Elon Musk’s EV maker said it delivered nearly 387,000 vehicles in the first three months of this year. That’s an 8.5% drop from a year ago and a 20% drop from the previous quarter.

One analyst called the results “an unmitigated disaster ... that is hard to explain away” adding: “This was a train wreck into a brick wall quarter for Musk & Co.”

Tesla attributed the drop in deliveries to its efforts to prepare its Fremont, California factory to handle increased production of the updated Model 3 and to shutdowns at its Berlin plant due to the impact of the Red Sea conflict and an arson attack.

The company has also been facing intense competition in China from local players including market leader BYD, which overtook Tesla as the largest EV maker in the fourth quarter.

But there’s another factor that could be denting Tesla’s reputation: its CEO’s often polarizing personality.

A recent survey showed that Musk’s tilt to right-wing politics and often controversial public statements are turning away some potential Tesla customers in the U.S.

Still, with a market capitalization well above the combined valuation of Toyota, Mercedes-Benz and Porsche, not all Wall Street analysts see a bumpy road ahead.
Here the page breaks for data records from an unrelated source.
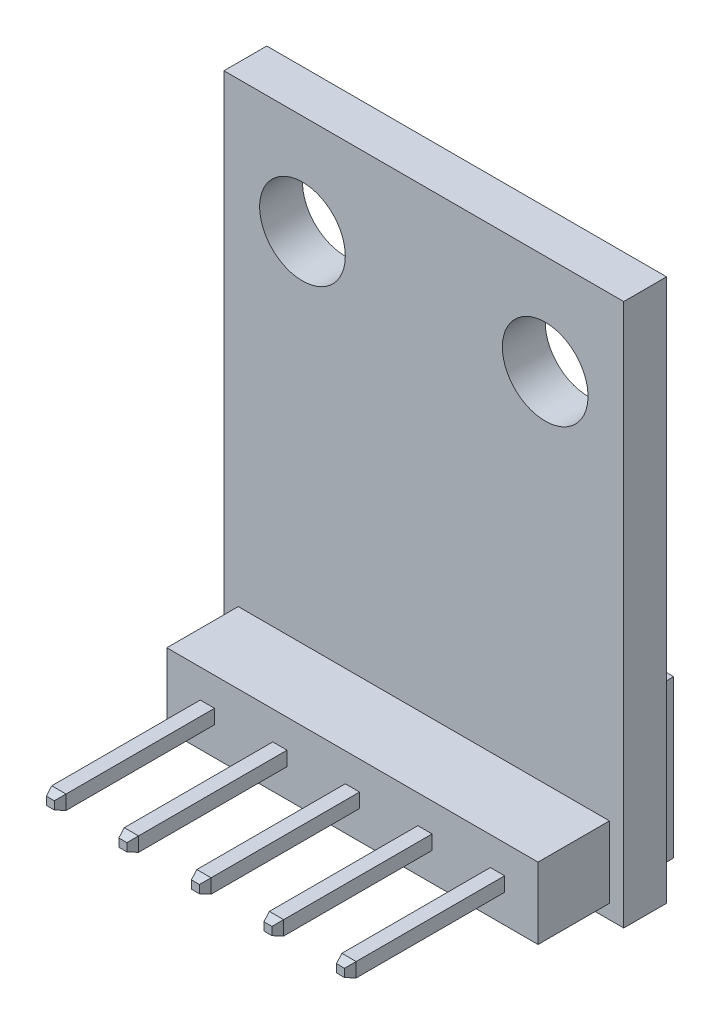
SolidWorks part; units mm, degrees
material "Hot Galvanized Steel"
ref_plane "Front" through (0, 0, 0) normal (0, 0, 1) x (1, 0, 0)
ref_plane "Top" through (0, 0, 0) normal (0, 1, 0) x (1, 0, 0)
ref_plane "Right" through (0, 0, 0) normal (1, 0, 0) x (0, 0, -1)
sketch "Sketch2" plane through (0, 0, 0) normal (0, 0, 1) x (1, 0, 0)
  line L1 (-7, 9.5) -> (7, 9.5)
  line L2 (-7, 9.5) -> (-7, -9.5)
  line L3 (-7, -9.5) -> (7, -9.5)
  line L4 (7, 9.5) -> (7, -9.5)
  line L5 (-7, 9.5) -> (7, -9.5) construction
  line L6 (-7, -9.5) -> (7, 9.5) construction
  point P0 (0, 0)
  dimension "D1" = 14
  dimension "D2" = 19
extrude "Boss-Extrude1" add sketch "Sketch2" along normal blind 1.5
sketch "Sketch3" plane through (0, 0, 1.5) normal (0, 0, 1) x (1, 0, 0)
  line L0 (0, 9.5) -> (0, 0) construction
  line L1 (7, 9.5) -> (-7, 9.5) construction
  circle A0 centre (-4.25, 6) radius 1.5
  circle A1 centre (4.25, 6) radius 1.5
  dimension "D1" = 8.5
  dimension "D2" = 3
  dimension "D3" = 3.5
extrude "Cut-Extrude1" cut sketch "Sketch3" against normal through all
sketch "Sketch4" plane through (0, 0, 1.5) normal (0, 0, 1) x (1, 0, 0)
  line L0 (-7, -9.5) -> (7, -9.5) construction
  line L1 (-6.5, -6.5) -> (6.5, -6.5)
  line L2 (-6.5, -6.5) -> (-6.5, -9)
  line L3 (-6.5, -9) -> (6.5, -9)
  line L4 (6.5, -6.5) -> (6.5, -9)
  line L5 (-6.5, -6.5) -> (6.5, -9) construction
  line L6 (-6.5, -9) -> (6.5, -6.5) construction
  point P0 (0, -7.75)
  point P5 (0, 0)
  dimension "D1" = 2.5
  dimension "D2" = 13
  dimension "D3" = 0.5
extrude "Boss-Extrude2" add sketch "Sketch4" along normal blind 2.5
sketch "Sketch5" plane through (0, 0, 4) normal (0, 0, 1) x (1, 0, 0)
  line L0 (-6.5, -6.5) -> (-6.5, -9) construction
  line L1 (-5.33, -7.5) -> (-4.83, -7.5)
  line L2 (-5.33, -7.5) -> (-5.33, -8)
  line L3 (-5.33, -8) -> (-4.83, -8)
  line L4 (-4.83, -7.5) -> (-4.83, -8)
  line L5 (-5.33, -7.5) -> (-4.83, -8) construction
  line L6 (-5.33, -8) -> (-4.83, -7.5) construction
  line L7 (-2.79, -7.5) -> (-2.29, -7.5)
  line L8 (-2.79, -7.5) -> (-2.79, -8)
  line L9 (-2.79, -8) -> (-2.29, -8)
  line L10 (-2.29, -7.5) -> (-2.29, -8)
  line L11 (-2.79, -7.5) -> (-2.29, -8) construction
  line L12 (-2.79, -8) -> (-2.29, -7.5) construction
  line L13 (-0.25, -7.5) -> (0.25, -7.5)
  line L14 (-0.25, -7.5) -> (-0.25, -8)
  line L15 (-0.25, -8) -> (0.25, -8)
  line L16 (0.25, -7.5) -> (0.25, -8)
  line L17 (-0.25, -7.5) -> (0.25, -8) construction
  line L18 (-0.25, -8) -> (0.25, -7.5) construction
  line L19 (2.29, -7.5) -> (2.79, -7.5)
  line L20 (2.29, -7.5) -> (2.29, -8)
  line L21 (2.29, -8) -> (2.79, -8)
  line L22 (2.79, -7.5) -> (2.79, -8)
  line L23 (2.29, -7.5) -> (2.79, -8) construction
  line L24 (2.29, -8) -> (2.79, -7.5) construction
  line L25 (4.83, -7.5) -> (5.33, -7.5)
  line L26 (4.83, -7.5) -> (4.83, -8)
  line L27 (4.83, -8) -> (5.33, -8)
  line L28 (5.33, -7.5) -> (5.33, -8)
  line L29 (4.83, -7.5) -> (5.33, -8) construction
  line L30 (4.83, -8) -> (5.33, -7.5) construction
  line L31 (-5.08, -7.75) -> (-2.54, -7.75) construction
  point P0 (-5.08, -7.75)
  point P7 (-6.5, -7.75)
  point P8 (0, 0)
  point P9 (-2.54, -7.75)
  point P14 (0, -7.75)
  point P19 (2.54, -7.75)
  point P24 (5.08, -7.75)
  dimension "D1" = 0.5
  dimension "D2" = 5
  dimension "D3" = 2.54
extrude "Boss-Extrude3" add sketch "Sketch5" along normal blind 5.5
chamfer "Chamfer1" distance 0.3 angle 20 20 edges at (5.08, -8, 9.5) (4.83, -7.75, 9.5) (5.08, -7.5, 9.5) (5.33, -7.75, 9.5) (2.54, -8, 9.5) (2.29, -7.75, 9.5) (2.54, -7.5, 9.5) (2.79, -7.75, 9.5) (0, -8, 9.5) (-0.25, -7.75, 9.5) (0, -7.5, 9.5) (0.25, -7.75, 9.5) (-2.54, -8, 9.5) (-2.79, -7.75, 9.5) (-2.54, -7.5, 9.5) (-2.29, -7.75, 9.5) (-5.08, -8, 9.5) (-5.33, -7.75, 9.5) (-5.08, -7.5, 9.5) (-4.83, -7.75, 9.5)
sketch "Sketch6" plane through (0, 0, 0) normal (0, 0, -1) x (-1, 0, 0)
  line L0 (7, -9.5) -> (-7, -9.5) construction
  line L1 (-6.25, -3.5) -> (6.25, -3.5)
  line L2 (-6.25, -3.5) -> (-6.25, -9)
  line L3 (-6.25, -9) -> (6.25, -9)
  line L4 (6.25, -3.5) -> (6.25, -9)
  line L5 (-6.25, -3.5) -> (6.25, -9) construction
  line L6 (-6.25, -9) -> (6.25, -3.5) construction
  line L7 (-2.25, 2.5) -> (2.25, 2.5)
  line L8 (-2.25, 2.5) -> (-2.25, 1)
  line L9 (-2.25, 1) -> (2.25, 1)
  line L10 (2.25, 2.5) -> (2.25, 1)
  line L11 (-2.25, 2.5) -> (2.25, 1) construction
  line L12 (-2.25, 1) -> (2.25, 2.5) construction
  line L13 (-1.25, 6.5) -> (1.25, 6.5)
  line L14 (-1.25, 6.5) -> (-1.25, 5.5)
  line L15 (-1.25, 5.5) -> (1.25, 5.5)
  line L16 (1.25, 6.5) -> (1.25, 5.5)
  line L17 (-1.25, 6.5) -> (1.25, 5.5) construction
  line L18 (-1.25, 5.5) -> (1.25, 6.5) construction
  line L19 (-1.25, 5) -> (1.25, 5)
  line L20 (-1.25, 5) -> (-1.25, 4)
  line L21 (-1.25, 4) -> (1.25, 4)
  line L22 (1.25, 5) -> (1.25, 4)
  line L23 (-1.25, 5) -> (1.25, 4) construction
  line L24 (-1.25, 4) -> (1.25, 5) construction
  line L25 (-7, 9.5) -> (7, 9.5) construction
  point P0 (0, -6.25)
  point P5 (0, 1.75)
  point P10 (0, 6)
  point P15 (0, 4.5)
  point P20 (0, 0)
  point P21 (0, 0)
  point P23 (0, 0)
  point P24 (0, 0)
  point P29 (0, 4.0067)
  dimension "D1" = 12.5
  dimension "D2" = 5.5
  dimension "D3" = 0.5
  dimension "D4" = 4.5
  dimension "D5" = 1.5
  dimension "D6" = 7
  dimension "D7" = 1
  dimension "D8" = 0.5
  dimension "D9" = 2.5
  dimension "D10" = 3
extrude "Koponenttien tilavaraus" add sketch "Sketch6" along normal blind 1

Gene Munster of Deepwater Asset Management – among those who called Tesla’s results “ugly” – nevertheless remained upbeat on the EV maker’s long-term prospects.

Writing on Musk’s social media platform X, Munster said: “I still believe Tesla is on the right track and this storm will pass.”

Shares of Tesla were on track to lose about $30 billion in market value on Tuesday.

That adds to a nearly 30% slide in value so far this year.